## Task description
Please return exactly the lines from the beginning of the listing up to and including the line with "note: Forecasting policies: We", with no pictures.

===== Supplied records

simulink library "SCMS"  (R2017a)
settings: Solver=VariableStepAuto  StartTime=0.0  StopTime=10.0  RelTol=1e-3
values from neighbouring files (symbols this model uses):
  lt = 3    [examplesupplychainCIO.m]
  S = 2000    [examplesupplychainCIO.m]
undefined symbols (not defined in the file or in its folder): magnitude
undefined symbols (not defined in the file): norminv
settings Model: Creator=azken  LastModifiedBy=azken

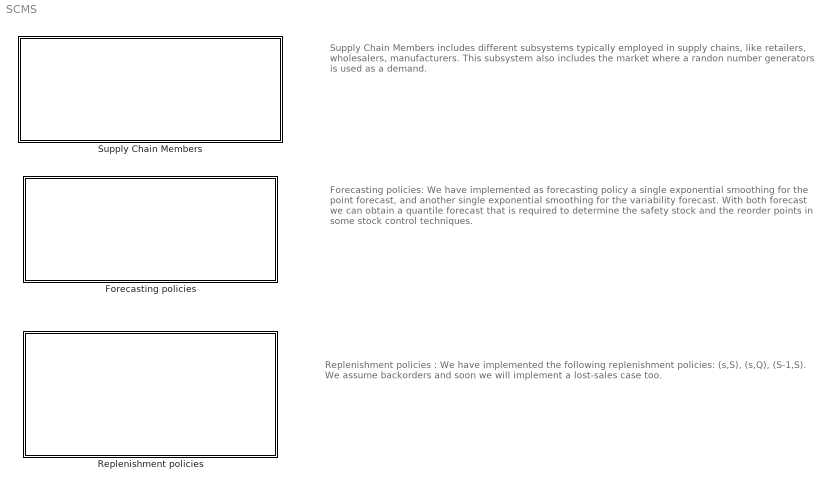
== system SCMS ==
  note: Forecasting policies: We have implemented as forecasting policy a single exponential smoothing for the point forecast, and another single exponential smoothing for the variability forecast. With both forecast we can obtain a quantile forecast that is required to determine the safety stock and the reorder points in some stock control techniques.
  note: Supply Chain Members includes different subsystems typically employed in supply chains, like retailers, wholesalers, manufacturers. This subsystem also includes the market where a randon number generators is used as a demand.
  note: Replenishment policies : We have implemented the following replenishment policies: (s,S), (s,Q), (S-1,S). We assume backorders and soon we will implement a lost-sales case too.
  Forecasting policies : Subsystem
  Replenishment policies : Subsystem
  Supply Chain Members : Subsystem

== system SCMS/Forecasting policies ==
  Forecast system with lead time (SES) : Subsystem  mask{alpha1=0.0, ini1=101.0713, alpha2=0.010, ini2=354.0398, k=2.3263, lt=4}
      mask prompts: alpha1 "SES constant (alpha1)"; alpha2 "SES constant (alpha2)"; k "safety factor (k)"; lt "lead time"
      mask help:
      | This block computes the lead time quantile forecast of the demand. Please, see the block help for more details about block parameters.
      | Usually the output of this block is fed to stock control blocks to determine the reorder point.
      mask Help:
      | Input: Demand
      | Output:
      |    Lead time quantile forecast.
      | Parameters:
      |    alpha1: exponential smoothing constant used to compute mean forecast.
      |    ini1: initial forecast used by exponential smoothing regarding mean forecast.
      |    alpha2: exponential smoothing constant used to compute variance forecast.
      |    ini2: initial forecast used by exponential smoothing regarding variance forecast.
      |    k: safety factor that depends on the cycle service level (quantile).
      |    lead time.

== system SCMS/Replenishment policies ==
  Stock control system (S-1,S) : Subsystem
  Stock control system (s,Q) : Subsystem  mask{Q=20}
  Stock control system (s,S) : Subsystem  mask{S=20}

== system SCMS/Supply Chain Members ==
  note: Market: It includes a random number generator as a demand generator and it receives the sales from the retailer
  note: Manufacturer : It receives its demand and provides the shipments. It is assumed that there is not any other company upwards, thus, it just has one input and one output. There is a delay implemented inside the Manufacturer block that simulates the elapsed time required to build/extract their products.
  note: Retailer/Wholesaler :
      | Inputs: Demand from Market (Retailer) and Shipments from Wholesarer (Manufacturer).
      | Outputs : Orders to Wholesaler (Manufacturer) and Sales to Market (Retailer)
      | Forecasting policy : Single exponential Smoothing.
      | Stock policy : (s,S)
      |
      | Retailer/Wholesaler promo may active a promotion that acts as an input for market promo. For this reason, this block has an extra output.
  note: Market Promo: It includes a random number generator as a demand generator and it receives the sales from the retailer. Additionally if input:promo in is active, an increase in sales is considered.
  Manufacturer : Subsystem
  Market : Subsystem
  Market Promo : Subsystem  AncestorBlock=SCMSv2016a/Supply Chain Members/Market
  Retailer : Subsystem
  Retailer promo : Subsystem  AncestorBlock=SCMSv2016a/Supply Chain Members/Retailer
  Wholesaler : Subsystem

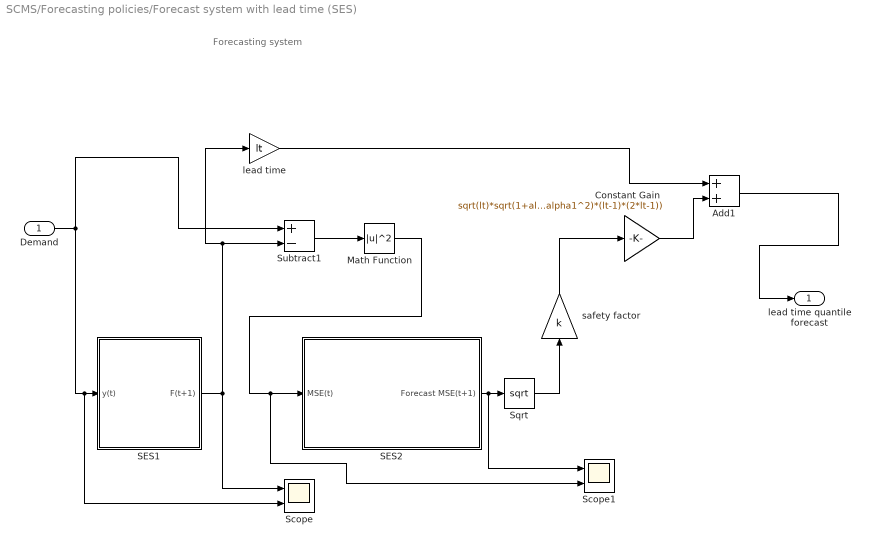
== system SCMS/Forecasting policies/Forecast system with lead time (SES) ==
  note: Forecasting system
  Demand : Inport
  Add1 : Sum
  Constant Gain : Gain  Gain=sqrt(lt)*sqrt(1+alpha1*(lt-1)+1/6*(alpha1^2)*(lt-1)*(2*lt-1))
  Math Function : Math  Operator=magnitude^2  SaturateOnIntegerOverflow=on
  SES1 : Subsystem
  SES2 : Subsystem
  Scope : Scope  NumInputPorts=2
  Scope1 : Scope  NumInputPorts=2
  Sqrt : Sqrt  SaturateOnIntegerOverflow=on
  Subtract1 : Sum  Inputs=+-
  lead time : Gain  Gain=lt
  safety factor : Gain  Gain=k
  lead time quantile forecast : Outport
  wires:
  Add1/1 -> lead time quantile forecast/1
  Constant Gain/1 -> Add1/2
  safety factor/1 -> Constant Gain/1
  lead time/1 -> Add1/1
  SES2/1(Forecast MSE(t+1)) -> Scope1/1, Sqrt/1
  Sqrt/1 -> safety factor/1
  Subtract1/1 -> Math Function/1
  Math Function/1 -> SES2/1(MSE(t)), Scope1/2
  SES1/1(F(t+1)) -> Subtract1/2, lead time/1, Scope/1
  Demand/1 -> Scope/2, SES1/1(y(t)), Subtract1/1

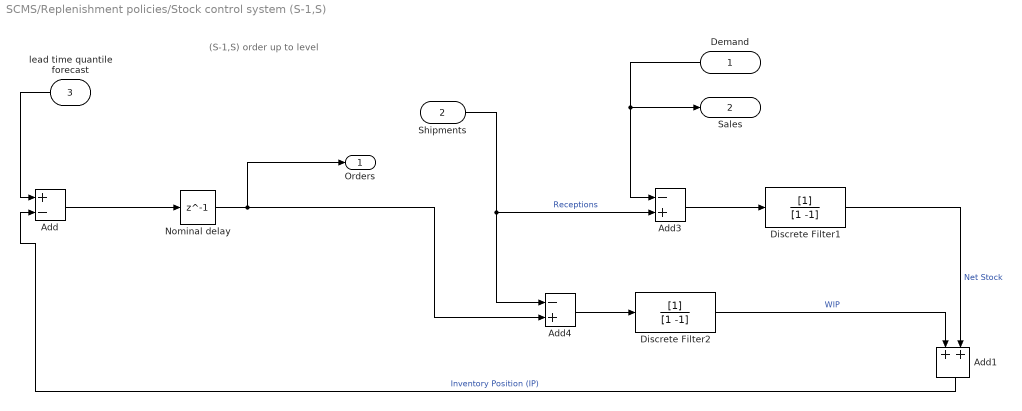
== system SCMS/Replenishment policies/Stock control system (S-1,S) ==
  note: (S-1,S) order up to level
  Demand : Inport
  Shipments : Inport  Port=2
  lead time quantile forecast : Inport  Port=3
  Add : Sum  Inputs=+-
  Add1 : Sum
  Add3 : Sum  Inputs=-+
  Add4 : Sum  Inputs=-+
  Discrete Filter1 : DiscreteFilter  Denominator=[1 -1]  SampleTime=1
  Discrete Filter2 : DiscreteFilter  Denominator=[1 -1]  SampleTime=1
  Nominal delay : Delay  DelayLength=1  InputProcessing=Inherited
  Orders : Outport
  Sales : Outport  Port=2
  wires:
  Discrete Filter2/1 -> Add1/1  "WIP"
  Shipments/1 -> Add3/2, Add4/1  "Receptions"
  Add1/1 -> Add/2  "Inventory Position (IP)"
  Discrete Filter1/1 -> Add1/2  "Net Stock"
  Nominal delay/1 -> Add4/2, Orders/1
  Add3/1 -> Discrete Filter1/1
  Demand/1 -> Add3/1, Sales/1
  Add4/1 -> Discrete Filter2/1
  lead time quantile forecast/1 -> Add/1
  Add/1 -> Nominal delay/1

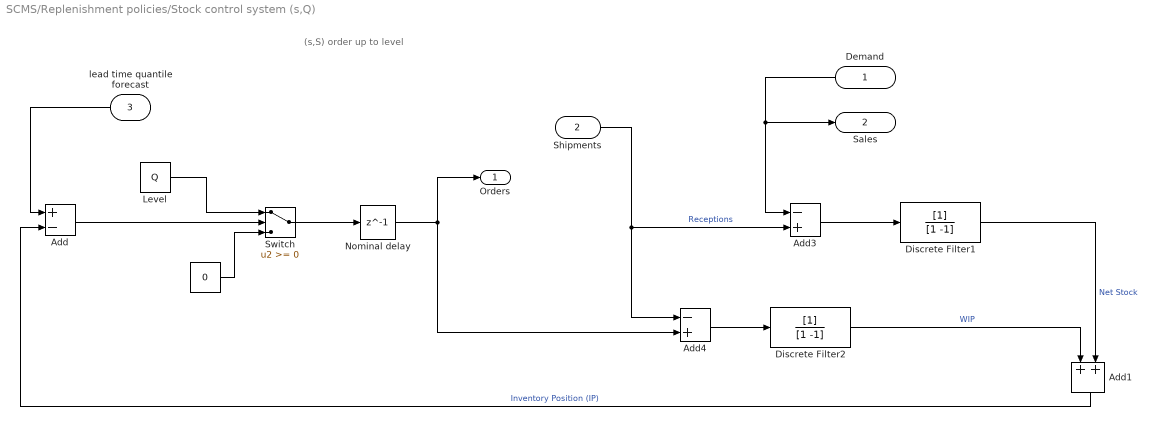
== system SCMS/Replenishment policies/Stock control system (s,Q) ==
  note: (s,S) order up to level
  Demand : Inport
  Shipments : Inport  Port=2
  lead time quantile forecast : Inport  Port=3
  " " : Constant  Value=0
  Add : Sum  Inputs=+-
  Add1 : Sum
  Add3 : Sum  Inputs=-+
  Add4 : Sum  Inputs=-+
  Discrete Filter1 : DiscreteFilter  Denominator=[1 -1]  SampleTime=1
  Discrete Filter2 : DiscreteFilter  Denominator=[1 -1]  SampleTime=1
  Level : Constant  Value=Q
  Nominal delay : Delay  DelayLength=1  InputProcessing=Inherited
  Switch : Switch
  Orders : Outport
  Sales : Outport  Port=2
  wires:
  Switch/1 -> Nominal delay/1
  Discrete Filter2/1 -> Add1/1  "WIP"
  Shipments/1 -> Add3/2, Add4/1  "Receptions"
  Level/1 -> Switch/1
  Add1/1 -> Add/2  "Inventory Position (IP)"
  Discrete Filter1/1 -> Add1/2  "Net Stock"
  Nominal delay/1 -> Add4/2, Orders/1
  Add/1 -> Switch/2
  Add3/1 -> Discrete Filter1/1
  Demand/1 -> Add3/1, Sales/1
  Add4/1 -> Discrete Filter2/1
  " "/1 -> Switch/3
  lead time quantile forecast/1 -> Add/1

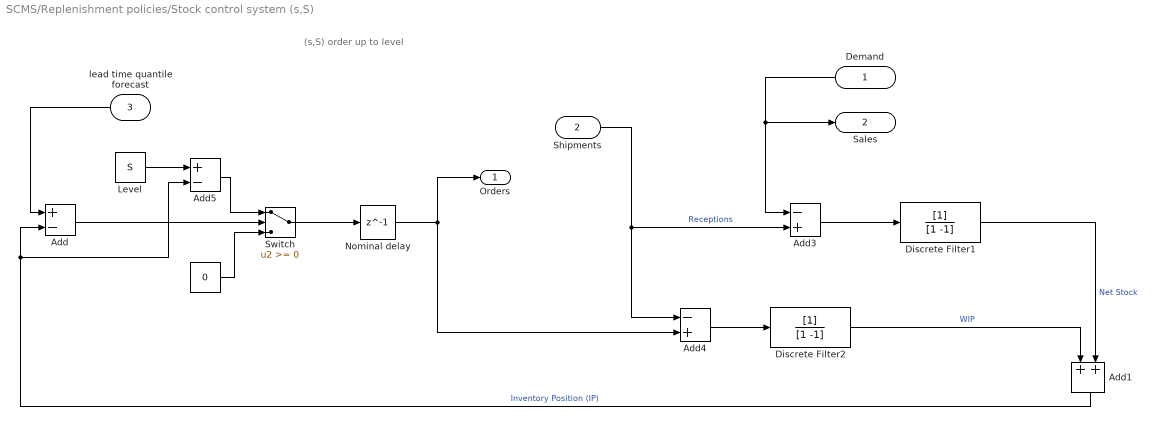
== system SCMS/Replenishment policies/Stock control system (s,S) ==
  note: (s,S) order up to level
  Demand : Inport
  Shipments : Inport  Port=2
  lead time quantile forecast : Inport  Port=3
  " " : Constant  Value=0
  Add : Sum  Inputs=+-
  Add1 : Sum
  Add3 : Sum  Inputs=-+
  Add4 : Sum  Inputs=-+
  Add5 : Sum  Inputs=+-
  Discrete Filter1 : DiscreteFilter  Denominator=[1 -1]  SampleTime=1
  Discrete Filter2 : DiscreteFilter  Denominator=[1 -1]  SampleTime=1
  Level : Constant  Value=S
  Nominal delay : Delay  DelayLength=1  InputProcessing=Inherited
  Switch : Switch
  Orders : Outport
  Sales : Outport  Port=2
  wires:
  Switch/1 -> Nominal delay/1
  Discrete Filter2/1 -> Add1/1  "WIP"
  Shipments/1 -> Add3/2, Add4/1  "Receptions"
  Add5/1 -> Switch/1
  Add1/1 -> Add/2, Add5/2  "Inventory Position (IP)"
  Discrete Filter1/1 -> Add1/2  "Net Stock"
  Nominal delay/1 -> Add4/2, Orders/1
  Add/1 -> Switch/2
  Level/1 -> Add5/1
  Add3/1 -> Discrete Filter1/1
  Demand/1 -> Add3/1, Sales/1
  Add4/1 -> Discrete Filter2/1
  " "/1 -> Switch/3
  lead time quantile forecast/1 -> Add/1

== system SCMS/Supply Chain Members/Manufacturer ==
  note: Manufacturer
  Demand : Inport
  Forecast system with lead time (SES) : Subsystem  mask{alpha1=0.1, ini1=101.0713, alpha2=0.01, ini2=354.0398, k=2.3263, lt=4}
      mask prompts: alpha1 "SES constant parameter (alpha1)"; ini1 "initialization SES for mean demand"; alpha2 "SES constant parameter (alpha2)"; ini2 "initialization SES for MSE"; k "Safety factor (k)"; lt "lead time"
      mask help: This block computes the lead time quantile forecast of the demand.
      mask Help:
      | Input: Demand
      | Output:
      |    Lead time quantile forecast.
      | Parameters:
      |    alpha1: exponential smoothing constant used to compute mean forecast.
      |    ini1: initial forecast used by exponential smoothing regarding mean forecast.
      |    alpha2: exponential smoothing constant used to compute variance forecast.
      |    ini2: initial forecast used by exponential smoothing regarding variance forecast.
      |    k: safety factor that depends on the cycle service level (quantile).
  Stock control system (s,S) : Subsystem  mask{S=15, Tp=2}
  Shipments : Outport
  wires:
  Stock control system (s,S)/1(Shipments) -> Shipments/1
  Forecast system with lead time (SES)/1(lead time quantile forecast) -> Stock control system (s,S)/2(lead time quantile forecast)
  Demand/1 -> Stock control system (s,S)/1(Demand), Forecast system with lead time (SES)/1(Demand)

== system SCMS/Supply Chain Members/Market ==
  Sales : Inport
  Random Number : RandomNumber  Mean=100  Variance=20  SampleTime=1
  Terminator2 : Terminator
  Demand : Outport
  wires:
  Random Number/1 -> Demand/1
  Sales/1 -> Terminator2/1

==========

## Exercise answer
simulink library "SCMS"  (R2017a)
settings: Solver=VariableStepAuto  StartTime=0.0  StopTime=10.0  RelTol=1e-3
values from neighbouring files (symbols this model uses):
  lt = 3    [examplesupplychainCIO.m]
  S = 2000    [examplesupplychainCIO.m]
undefined symbols (not defined in the file or in its folder): magnitude
undefined symbols (not defined in the file): norminv
settings Model: Creator=azken  LastModifiedBy=azken

== system SCMS ==
  note: Forecasting policies: We have implemented as forecasting policy a single exponential smoothing for the point forecast, and another single exponential smoothing for the variability forecast. With both forecast we can obtain a quantile forecast that is required to determine the safety stock and the reorder points in some stock control techniques.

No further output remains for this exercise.